Increase context length #322

Closed virentakia closed 2 weeks ago

virentakia commented 5 months ago

The inference speed is amazing - excellent work.

Is it possible to increase the context length of models?

Using the "Solar" model - https://huggingface.co/bartowski/Nous-Hermes-2-SOLAR-10.7B-exl2/tree/8_0 - with the following config:

{
  "_name_or_path": "upstage/SOLAR-10.7B-v1.0",
  "architectures": [
    "LlamaForCausalLM"
  ],
  "attention_bias": false,
  "attention_dropout": 0.0,
  "bos_token_id": 1,
  "eos_token_id": 32000,
  "hidden_act": "silu",
  "hidden_size": 4096,
  "initializer_range": 0.02,
  "intermediate_size": 14336,
  "max_position_embeddings": 4096,
  "model_type": "llama",
  "num_attention_heads": 32,
  "num_hidden_layers": 48,
  "num_key_value_heads": 8,
  "pretraining_tp": 1,
  "rms_norm_eps": 1e-05,
  "rope_scaling": null,
  "rope_theta": 10000.0,
  "tie_word_embeddings": false,
  "torch_dtype": "bfloat16",
  "transformers_version": "4.37.0.dev0",
  "use_cache": false,
  "vocab_size": 32002
}

Wondering what possible options are available? Are there examples of these options available?

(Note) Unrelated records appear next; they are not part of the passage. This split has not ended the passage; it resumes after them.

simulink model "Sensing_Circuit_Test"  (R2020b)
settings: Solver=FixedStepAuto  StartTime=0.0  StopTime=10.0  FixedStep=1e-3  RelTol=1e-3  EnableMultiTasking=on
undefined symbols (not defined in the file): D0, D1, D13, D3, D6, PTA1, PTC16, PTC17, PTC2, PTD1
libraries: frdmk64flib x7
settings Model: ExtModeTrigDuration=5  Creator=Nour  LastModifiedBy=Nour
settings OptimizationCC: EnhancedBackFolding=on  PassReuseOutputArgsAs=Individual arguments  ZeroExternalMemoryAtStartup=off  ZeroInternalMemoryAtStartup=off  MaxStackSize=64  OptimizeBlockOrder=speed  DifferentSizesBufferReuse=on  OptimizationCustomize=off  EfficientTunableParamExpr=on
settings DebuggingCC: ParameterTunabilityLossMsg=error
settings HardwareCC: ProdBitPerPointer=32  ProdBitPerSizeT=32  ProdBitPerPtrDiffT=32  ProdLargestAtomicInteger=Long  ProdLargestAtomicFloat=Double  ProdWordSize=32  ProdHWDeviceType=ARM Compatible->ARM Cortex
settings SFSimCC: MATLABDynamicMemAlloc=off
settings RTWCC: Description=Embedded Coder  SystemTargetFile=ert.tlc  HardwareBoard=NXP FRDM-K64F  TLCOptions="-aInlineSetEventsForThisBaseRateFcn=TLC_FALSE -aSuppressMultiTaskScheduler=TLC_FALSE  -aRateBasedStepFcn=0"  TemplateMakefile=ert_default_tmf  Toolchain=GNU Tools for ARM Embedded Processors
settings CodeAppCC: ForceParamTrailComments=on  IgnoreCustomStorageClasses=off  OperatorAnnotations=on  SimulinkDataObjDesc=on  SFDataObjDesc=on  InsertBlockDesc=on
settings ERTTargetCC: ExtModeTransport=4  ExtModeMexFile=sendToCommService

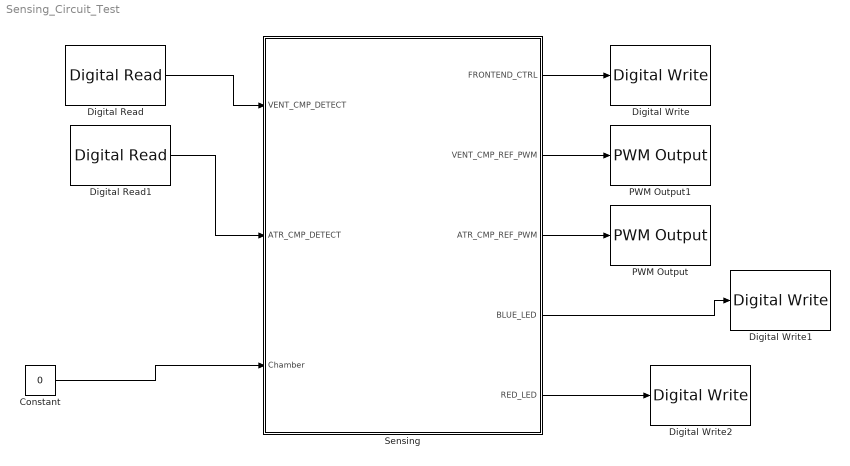
== system Sensing_Circuit_Test ==
  Constant : Constant  Value=0
  Digital Read : frdmk64flib/Digital Read  Whichpin=PTC17 (D1)  SampleTime=-1
  Digital Read1 : frdmk64flib/Digital Read  Whichpin=PTC16 (D0)  SampleTime=-1
  Digital Write : frdmk64flib/Digital Write  Whichpin=PTD1 (D13)
  Digital Write1 : frdmk64flib/Digital Write  Whichpin=BLUE_LED
  Digital Write2 : frdmk64flib/Digital Write  Whichpin=RED_LED
  PWM Output : frdmk64flib/PWM Output  Whichpin=PTC2 (D6)  InitialFrequency=2000  InitialDutyCycle=40
  PWM Output1 : frdmk64flib/PWM Output  Whichpin=PTA1 (D3)  InitialFrequency=2000  InitialDutyCycle=40
  Sensing : Stateflow chart  TreatAsAtomicUnit=on
  wires:
  Digital Read/1 -> Sensing/1(VENT_CMP_DETECT)
  Digital Read1/1 -> Sensing/2(ATR_CMP_DETECT)
  Sensing/1(FRONTEND_CTRL) -> Digital Write/1
  Sensing/2(VENT_CMP_REF_PWM) -> PWM Output1/1
  Sensing/3(ATR_CMP_REF_PWM) -> PWM Output/1
  Constant/1 -> Sensing/3(Chamber)
  Sensing/4(BLUE_LED) -> Digital Write1/1
  Sensing/5(RED_LED) -> Digital Write2/1

== stateflow chart Sensing_Circuit_Test/Sensing ==
  state ATR_DETECT
    entry:
    during:
    FRONTEND_CTRL = true;
    VENT_CMP_REF_PWM = 0;
    ATR_CMP_REF_PWM = 80;
    RED_LED = ATR_CMP_DETECT;
  state VENT_DETECT
    %% Chamber == 1 is for the Atrium
    %% Chamber == 0 is for the Ventricle
    entry:
    during:
    if(Chamber == 0)
    FRONTEND_CTRL = true;
    VENT_CMP_REF_PWM = 80;
    ATR_CMP_REF_PWM = 0;
    BLUE_LED = VENT_CMP_DETECT;
    end
    exit:
  (default) -> VENT_DETECT
  VENT_DETECT -> ATR_DETECT : [(Chamber == 1)]
  data: VENT_CMP_DETECT input boolean; ATR_CMP_DETECT input boolean; FRONTEND_CTRL output boolean; VENT_CMP_REF_PWM output int16; ATR_CMP_REF_PWM output int16; Chamber input double; BLUE_LED output boolean; RED_LED output boolean
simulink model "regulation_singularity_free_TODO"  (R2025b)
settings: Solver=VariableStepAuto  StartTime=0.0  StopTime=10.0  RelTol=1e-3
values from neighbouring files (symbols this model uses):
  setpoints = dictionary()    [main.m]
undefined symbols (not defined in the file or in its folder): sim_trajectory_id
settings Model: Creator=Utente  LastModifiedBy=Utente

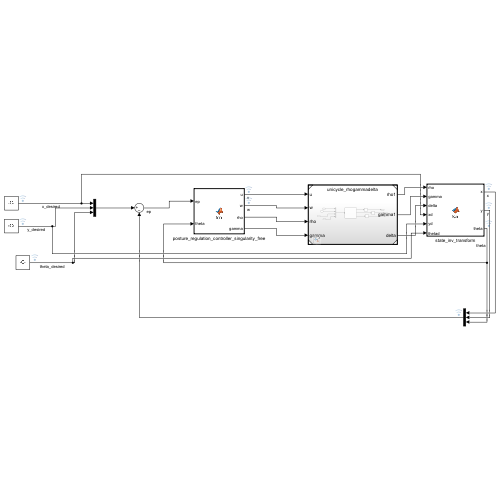
[thumbnail: Simulink's stored preview of the top-level diagram]
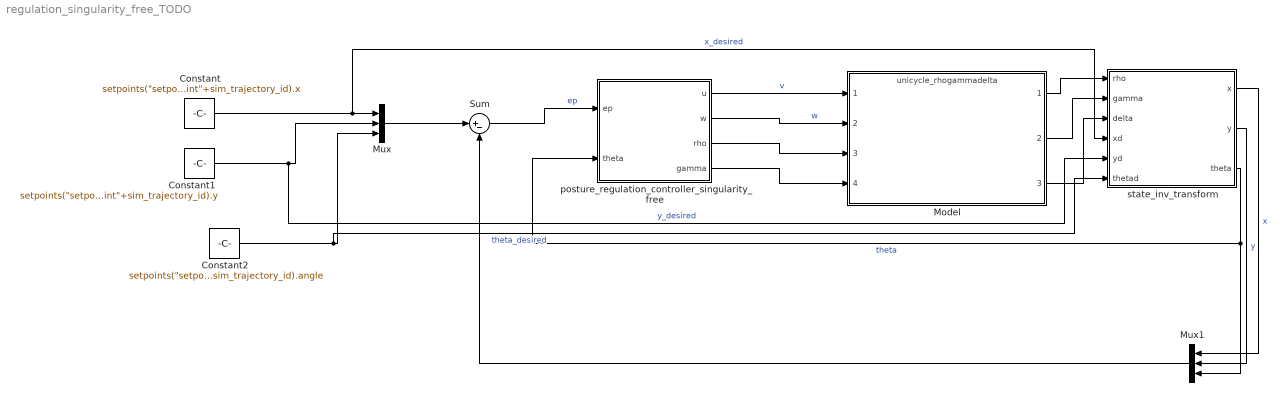
== system regulation_singularity_free_TODO ==
  Constant : Constant  Value="setpoints(\"setpoint\"+sim_trajectory_id).x"
  Constant1 : Constant  Value="setpoints(\"setpoint\"+sim_trajectory_id).y"
  Constant2 : Constant  Value="setpoints(\"setpoint\"+sim_trajectory_id).angle"
  Model : ModelReference  ModelNameDialog=unicycle_rhogammadelta.slx  SimulationMode=Normal  ModelReferenceVersion=1.2
  Mux : Mux  Inputs=3
  Mux1 : Mux  Inputs=3
  Sum : Sum  Inputs=|+-
  posture_regulation_controller_singularity_free : MATLAB Function  TreatAsAtomicUnit=on
  state_inv_transform : MATLAB Function  TreatAsAtomicUnit=on
  wires:
  Constant1/1 -> state_inv_transform/5(yd), Mux/2  "y_desired"
  Constant/1 -> state_inv_transform/4(xd), Mux/1  "x_desired"
  Sum/1 -> posture_regulation_controller_singularity_free/1(ep)  "ep"
  Mux/1 -> Sum/1
  Constant2/1 -> state_inv_transform/6(thetad), Mux/3  "theta_desired"
  Mux1/1 -> Sum/2
  posture_regulation_controller_singularity_free/1(u) -> Model/1  "v"
  posture_regulation_controller_singularity_free/2(w) -> Model/2  "w"
  Model/1 -> state_inv_transform/1(rho)
  Model/2 -> state_inv_transform/2(gamma)
  Model/3 -> state_inv_transform/3(delta)
  state_inv_transform/1(x) -> Mux1/1  "x"
  state_inv_transform/2(y) -> Mux1/2  "y"
  state_inv_transform/3(theta) -> posture_regulation_controller_singularity_free/2(theta), Mux1/3  "theta"
  posture_regulation_controller_singularity_free/3(rho) -> Model/3
  posture_regulation_controller_singularity_free/4(gamma) -> Model/4

== matlab function regulation_singularity_free_TODO/posture_regulation_controller_singularity_free ==
  data: ep input; u output; w output; theta input; rho output; gamma output
function [u, w, rho, gamma] = fcn(ep, theta)

dx = ep(1);
dy = ep(2);
dtheta = -ep(3);

rho   = sqrt(dx^2 + dy^2);
%alpha = wrapToPi(atan2(dy, dx) - theta); 
%beta  = wrapToPi(dtheta - alpha);
gamma = wrapToPi(atan2(dy, dx) - theta);
delta = wrapToPi(dtheta - gamma);

k1 = 1;%1
k2 = 4;%4
k3 = 1.5;%1.5

u = k1 * cos(gamma);
w = k2 * gamma + k1 * sin(gamma) * cos(gamma)/gamma * (gamma+k3*delta);


end

== matlab function regulation_singularity_free_TODO/state_inv_transform ==
  data: rho input; x output; y output; gamma input; delta input; theta output; xd input; yd input; thetad input
function [x,y,theta] = fcn(rho, gamma, delta, xd, yd, thetad)
x     = xd - rho*cos(thetad+2*gamma+delta);
y     = yd - rho*sin(thetad+2*gamma+delta);
theta = thetad+gamma+delta;
theta = wrapToPi(theta);
end

DocShotgun commented 5 months ago

There's no magic solution to increasing context length beyond what the model was designed for. You can load the model with double its base context length and get it to remain coherent by setting rope alpha = ~2.63. However the further you try to stretch a model beyond the context length it was designed for, the further its quality will degrade.